Born January 10th, 1930, on her father’s homestead in Greenway, South Dakota to Lydia (Opp) and Emil Diede, Anne M. Diede was not one to stay on the farm or in South Dakota. As a child, she could see the lights of Eureka, SD, from her parent’s farmhouse and longed to go to the big city. At that time, Eureka was a thriving community of about 1,500 people. Once, upon hearing a meadow lark’s call, she told me of the feeling that the sound brought to her; she spoke of the accompanying sounds of a single wind gust on a fence and grass and how the gust would bring a moment of relief from the South Dakota summer’s sun and heat but could not pierce the solitude of the vast open prairie. Even before the age of 18, Anne was a nursing student and soon after was on her first nursing job in Hot Spring, South Dakota. There at a music event in the VFW, she met her future husband, Donald Ebel. Anne followed a job opportunity to the big city of Denver, Colorado and Don was on his way to opportunities in Texas when they met up again and decided to marry and make a home together in the Denver area.
Their firstborn, Barlow (Barry) Ebel, was born soon after, and then Craig Ebel came in another three years. They bought a house on Bradburn Boulevard in Westminster, a mile-long street lined with crabapple trees that smelled of the pink blossoms in the spring and fermenting fallen apples in the fall. They raised their family there and were members of the Westminster First Presbyterian Church. Brian Ebel was born a few years later, the youngest of the three sons. Anne left her nursing career and started prepared taxes, first at the Lakeside Mall Sears, then on her own. She and Don liked country music and would visit the Country Dinner Playhouse on special Saturday nights. This is where Anne became a lifelong fan of Dwight Yoakam, and one of her most exciting days was when she got to meet Dwight before a concert.
Anne was heartbroken at the loss of Don in 1997 and then Barry in 1998. Anne moved to Phoenix, Arizona, to be a full-time snowbird in retirement. Recently she returned to Westminster and met Naomi Ebel, her first great-grandchild.

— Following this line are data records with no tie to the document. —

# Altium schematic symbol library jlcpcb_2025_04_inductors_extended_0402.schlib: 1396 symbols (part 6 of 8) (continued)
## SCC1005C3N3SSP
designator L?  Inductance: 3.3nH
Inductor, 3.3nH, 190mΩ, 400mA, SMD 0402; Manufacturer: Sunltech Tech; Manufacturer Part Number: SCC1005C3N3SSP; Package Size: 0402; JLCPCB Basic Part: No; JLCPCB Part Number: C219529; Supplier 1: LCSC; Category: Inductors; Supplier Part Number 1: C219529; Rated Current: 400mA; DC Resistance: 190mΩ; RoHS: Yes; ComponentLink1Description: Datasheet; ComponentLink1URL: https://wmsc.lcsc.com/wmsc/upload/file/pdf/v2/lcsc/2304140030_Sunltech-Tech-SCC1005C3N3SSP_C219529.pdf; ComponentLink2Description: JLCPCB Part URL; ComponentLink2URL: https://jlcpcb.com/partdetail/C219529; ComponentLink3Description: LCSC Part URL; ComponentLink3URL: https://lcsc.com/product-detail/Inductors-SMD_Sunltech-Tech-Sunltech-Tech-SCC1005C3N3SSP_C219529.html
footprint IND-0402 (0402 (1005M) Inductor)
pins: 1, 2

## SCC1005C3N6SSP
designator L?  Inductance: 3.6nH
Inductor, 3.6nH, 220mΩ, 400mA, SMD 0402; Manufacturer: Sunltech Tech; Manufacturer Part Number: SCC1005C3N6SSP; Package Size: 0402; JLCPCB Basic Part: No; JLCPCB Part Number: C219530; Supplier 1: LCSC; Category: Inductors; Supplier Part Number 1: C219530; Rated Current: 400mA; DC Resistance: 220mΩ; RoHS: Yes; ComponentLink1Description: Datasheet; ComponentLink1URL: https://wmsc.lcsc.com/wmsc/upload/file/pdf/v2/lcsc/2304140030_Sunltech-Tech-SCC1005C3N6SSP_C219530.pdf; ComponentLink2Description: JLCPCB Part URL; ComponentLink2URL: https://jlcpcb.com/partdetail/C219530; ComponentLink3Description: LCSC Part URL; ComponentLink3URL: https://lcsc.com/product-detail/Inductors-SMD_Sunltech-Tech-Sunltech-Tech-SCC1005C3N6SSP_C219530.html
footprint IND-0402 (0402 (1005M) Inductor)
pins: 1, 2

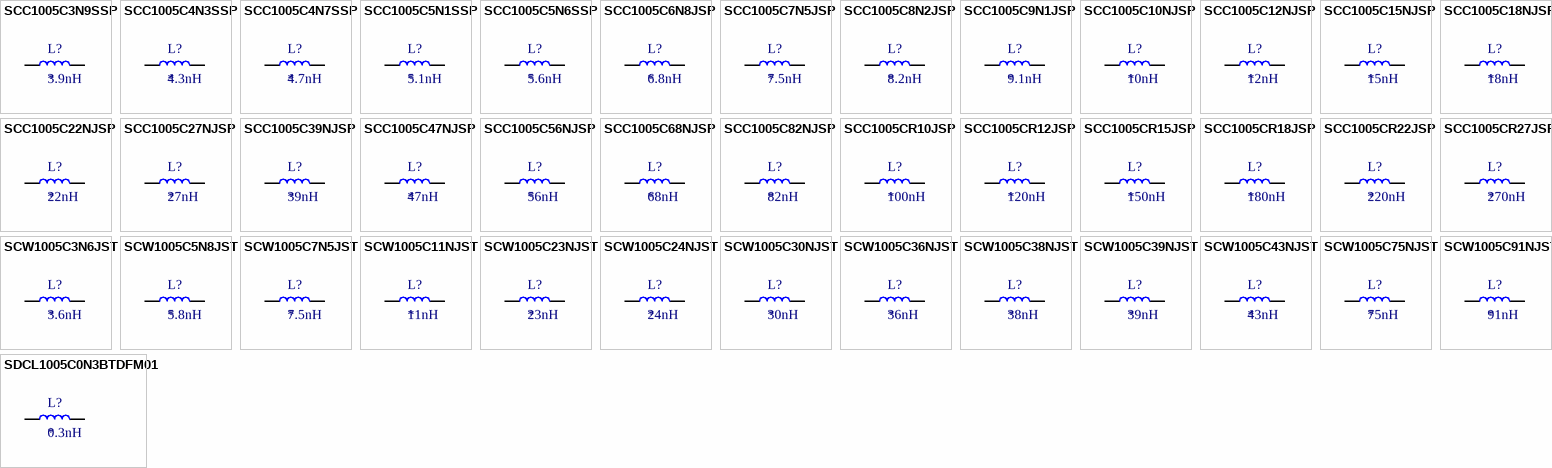
[diagram p25: symbols SCC1005C3N9SSP to SDCL1005C0N3BTDFM01]

## SCC1005C3N9SSP
designator L?  Inductance: 3.9nH
Inductor, 3.9nH, 220mΩ, 400mA, SMD 0402; Manufacturer: Sunltech Tech; Manufacturer Part Number: SCC1005C3N9SSP; Package Size: 0402; JLCPCB Basic Part: No; JLCPCB Part Number: C219531; Supplier 1: LCSC; Category: Inductors; Supplier Part Number 1: C219531; Rated Current: 400mA; DC Resistance: 220mΩ; RoHS: Yes; ComponentLink1Description: Datasheet; ComponentLink1URL: https://wmsc.lcsc.com/wmsc/upload/file/pdf/v2/lcsc/2304140030_Sunltech-Tech-SCC1005C3N9SSP_C219531.pdf; ComponentLink2Description: JLCPCB Part URL; ComponentLink2URL: https://jlcpcb.com/partdetail/C219531; ComponentLink3Description: LCSC Part URL; ComponentLink3URL: https://lcsc.com/product-detail/Inductors-SMD_Sunltech-Tech-Sunltech-Tech-SCC1005C3N9SSP_C219531.html
footprint IND-0402 (0402 (1005M) Inductor)
pins: 1, 2

## SCC1005C4N3SSP
designator L?  Inductance: 4.3nH
Inductor, 4.3nH, 240mΩ, 400mA, SMD 0402; Manufacturer: Sunltech Tech; Manufacturer Part Number: SCC1005C4N3SSP; Package Size: 0402; JLCPCB Basic Part: No; JLCPCB Part Number: C219532; Supplier 1: LCSC; Category: Inductors; Supplier Part Number 1: C219532; Rated Current: 400mA; DC Resistance: 240mΩ; RoHS: Yes; ComponentLink1Description: Datasheet; ComponentLink1URL: https://wmsc.lcsc.com/wmsc/upload/file/pdf/v2/lcsc/2304140030_Sunltech-Tech-SCC1005C4N3SSP_C219532.pdf; ComponentLink2Description: JLCPCB Part URL; ComponentLink2URL: https://jlcpcb.com/partdetail/C219532; ComponentLink3Description: LCSC Part URL; ComponentLink3URL: https://lcsc.com/product-detail/Inductors-SMD_Sunltech-Tech-Sunltech-Tech-SCC1005C4N3SSP_C219532.html
footprint IND-0402 (0402 (1005M) Inductor)
pins: 1, 2

## SCC1005C4N7SSP
designator L?  Inductance: 4.7nH
Inductor, 4.7nH, 240mΩ, 400mA, SMD 0402; Manufacturer: Sunltech Tech; Manufacturer Part Number: SCC1005C4N7SSP; Package Size: 0402; JLCPCB Basic Part: No; JLCPCB Part Number: C219533; Supplier 1: LCSC; Category: Inductors; Supplier Part Number 1: C219533; Rated Current: 400mA; DC Resistance: 240mΩ; RoHS: Yes; ComponentLink1Description: Datasheet; ComponentLink1URL: https://wmsc.lcsc.com/wmsc/upload/file/pdf/v2/lcsc/2304140030_Sunltech-Tech-SCC1005C4N7SSP_C219533.pdf; ComponentLink2Description: JLCPCB Part URL; ComponentLink2URL: https://jlcpcb.com/partdetail/C219533; ComponentLink3Description: LCSC Part URL; ComponentLink3URL: https://lcsc.com/product-detail/Inductors-SMD_Sunltech-Tech-Sunltech-Tech-SCC1005C4N7SSP_C219533.html
footprint IND-0402 (0402 (1005M) Inductor)
pins: 1, 2

## SCC1005C5N1SSP
designator L?  Inductance: 5.1nH
Inductor, 5.1nH, 260mΩ, 400mA, SMD 0402; Manufacturer: Sunltech Tech; Manufacturer Part Number: SCC1005C5N1SSP; Package Size: 0402; JLCPCB Basic Part: No; JLCPCB Part Number: C219534; Supplier 1: LCSC; Category: Inductors; Supplier Part Number 1: C219534; Rated Current: 400mA; DC Resistance: 260mΩ; RoHS: Yes; ComponentLink1Description: Datasheet; ComponentLink1URL: https://wmsc.lcsc.com/wmsc/upload/file/pdf/v2/lcsc/2304140030_Sunltech-Tech-SCC1005C5N1SSP_C219534.pdf; ComponentLink2Description: JLCPCB Part URL; ComponentLink2URL: https://jlcpcb.com/partdetail/C219534; ComponentLink3Description: LCSC Part URL; ComponentLink3URL: https://lcsc.com/product-detail/Inductors-SMD_Sunltech-Tech-Sunltech-Tech-SCC1005C5N1SSP_C219534.html
footprint IND-0402 (0402 (1005M) Inductor)
pins: 1, 2

## SCC1005C5N6SSP
designator L?  Inductance: 5.6nH
Inductor, 5.6nH, 270mΩ, 400mA, SMD 0402; Manufacturer: Sunltech Tech; Manufacturer Part Number: SCC1005C5N6SSP; Package Size: 0402; JLCPCB Basic Part: No; JLCPCB Part Number: C219535; Supplier 1: LCSC; Category: Inductors; Supplier Part Number 1: C219535; Rated Current: 400mA; DC Resistance: 270mΩ; RoHS: Yes; ComponentLink1Description: Datasheet; ComponentLink1URL: https://wmsc.lcsc.com/wmsc/upload/file/pdf/v2/lcsc/2304140030_Sunltech-Tech-SCC1005C5N6SSP_C219535.pdf; ComponentLink2Description: JLCPCB Part URL; ComponentLink2URL: https://jlcpcb.com/partdetail/C219535; ComponentLink3Description: LCSC Part URL; ComponentLink3URL: https://lcsc.com/product-detail/Inductors-SMD_Sunltech-Tech-Sunltech-Tech-SCC1005C5N6SSP_C219535.html
footprint IND-0402 (0402 (1005M) Inductor)
pins: 1, 2

## SCC1005C6N8JSP
designator L?  Inductance: 6.8nH
Inductor, 6.8nH, ±5%, 320mΩ, 300mA, SMD 0402; Manufacturer: Sunltech Tech; Manufacturer Part Number: SCC1005C6N8JSP; Package Size: 0402; JLCPCB Basic Part: No; JLCPCB Part Number: C219537; Supplier 1: LCSC; Category: Inductors; Supplier Part Number 1: C219537; Tolerance: ±5%; Rated Current: 300mA; DC Resistance: 320mΩ; RoHS: Yes; ComponentLink1Description: Datasheet; ComponentLink1URL: https://wmsc.lcsc.com/wmsc/upload/file/pdf/v2/lcsc/2304140030_Sunltech-Tech-SCC1005C6N8JSP_C219537.pdf; ComponentLink2Description: JLCPCB Part URL; ComponentLink2URL: https://jlcpcb.com/partdetail/C219537; ComponentLink3Description: LCSC Part URL; ComponentLink3URL: https://lcsc.com/product-detail/Inductors-SMD_Sunltech-Tech-Sunltech-Tech-SCC1005C6N8JSP_C219537.html
footprint IND-0402 (0402 (1005M) Inductor)
pins: 1, 2

## SCC1005C7N5JSP
designator L?  Inductance: 7.5nH
Inductor, 7.5nH, ±5%, 370mΩ, 300mA, SMD 0402; Manufacturer: Sunltech Tech; Manufacturer Part Number: SCC1005C7N5JSP; Package Size: 0402; JLCPCB Basic Part: No; JLCPCB Part Number: C219538; Supplier 1: LCSC; Category: Inductors; Supplier Part Number 1: C219538; Tolerance: ±5%; Rated Current: 300mA; DC Resistance: 370mΩ; RoHS: Yes; ComponentLink1Description: Datasheet; ComponentLink1URL: https://wmsc.lcsc.com/wmsc/upload/file/pdf/v2/lcsc/2304140030_Sunltech-Tech-SCC1005C7N5JSP_C219538.pdf; ComponentLink2Description: JLCPCB Part URL; ComponentLink2URL: https://jlcpcb.com/partdetail/C219538; ComponentLink3Description: LCSC Part URL; ComponentLink3URL: https://lcsc.com/product-detail/Inductors-SMD_Sunltech-Tech-Sunltech-Tech-SCC1005C7N5JSP_C219538.html
footprint IND-0402 (0402 (1005M) Inductor)
pins: 1, 2

## SCC1005C8N2JSP
designator L?  Inductance: 8.2nH
Inductor, 8.2nH, ±5%, 370mΩ, 300mA, SMD 0402; Manufacturer: Sunltech Tech; Manufacturer Part Number: SCC1005C8N2JSP; Package Size: 0402; JLCPCB Basic Part: No; JLCPCB Part Number: C219539; Supplier 1: LCSC; Category: Inductors; Supplier Part Number 1: C219539; Tolerance: ±5%; Rated Current: 300mA; DC Resistance: 370mΩ; RoHS: Yes; ComponentLink1Description: Datasheet; ComponentLink1URL: https://wmsc.lcsc.com/wmsc/upload/file/pdf/v2/lcsc/2304140030_Sunltech-Tech-SCC1005C8N2JSP_C219539.pdf; ComponentLink2Description: JLCPCB Part URL; ComponentLink2URL: https://jlcpcb.com/partdetail/C219539; ComponentLink3Description: LCSC Part URL; ComponentLink3URL: https://lcsc.com/product-detail/Inductors-SMD_Sunltech-Tech-Sunltech-Tech-SCC1005C8N2JSP_C219539.html
footprint IND-0402 (0402 (1005M) Inductor)
pins: 1, 2

## SCC1005C9N1JSP
designator L?  Inductance: 9.1nH
Inductor, 9.1nH, ±5%, 420mΩ, 300mA, SMD 0402; Manufacturer: Sunltech Tech; Manufacturer Part Number: SCC1005C9N1JSP; Package Size: 0402; JLCPCB Basic Part: No; JLCPCB Part Number: C219540; Supplier 1: LCSC; Category: Inductors; Supplier Part Number 1: C219540; Tolerance: ±5%; Rated Current: 300mA; DC Resistance: 420mΩ; RoHS: Yes; ComponentLink1Description: Datasheet; ComponentLink1URL: https://wmsc.lcsc.com/wmsc/upload/file/pdf/v2/lcsc/2304140030_Sunltech-Tech-SCC1005C9N1JSP_C219540.pdf; ComponentLink2Description: JLCPCB Part URL; ComponentLink2URL: https://jlcpcb.com/partdetail/C219540; ComponentLink3Description: LCSC Part URL; ComponentLink3URL: https://lcsc.com/product-detail/Inductors-SMD_Sunltech-Tech-Sunltech-Tech-SCC1005C9N1JSP_C219540.html
footprint IND-0402 (0402 (1005M) Inductor)
pins: 1, 2

## SCC1005C10NJSP
designator L?  Inductance: 10nH
Inductor, 10nH, ±5%, 420mΩ, 300mA, SMD 0402; Manufacturer: Sunltech Tech; Manufacturer Part Number: SCC1005C10NJSP; Package Size: 0402; JLCPCB Basic Part: No; JLCPCB Part Number: C219541; Supplier 1: LCSC; Category: Inductors; Supplier Part Number 1: C219541; Tolerance: ±5%; Rated Current: 300mA; DC Resistance: 420mΩ; RoHS: Yes; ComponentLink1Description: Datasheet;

Anne is survived by her sons Craig Ebel (Westminster, CO) and Brian Ebel (Wheat Ridge, CO) and grandchildren Allison Green (Atlanta, GA), Claudia Gibson (Idahna, OR), Eric Ebel (Centennial, CO), Sophia Ebel (Fort Collins, CO), and Natalie Ebel (Wheat Ridge, CO) and great-grandchildren Naomi Ebel (Centennial, CO), and Nieka Gibson (Idahna, OR).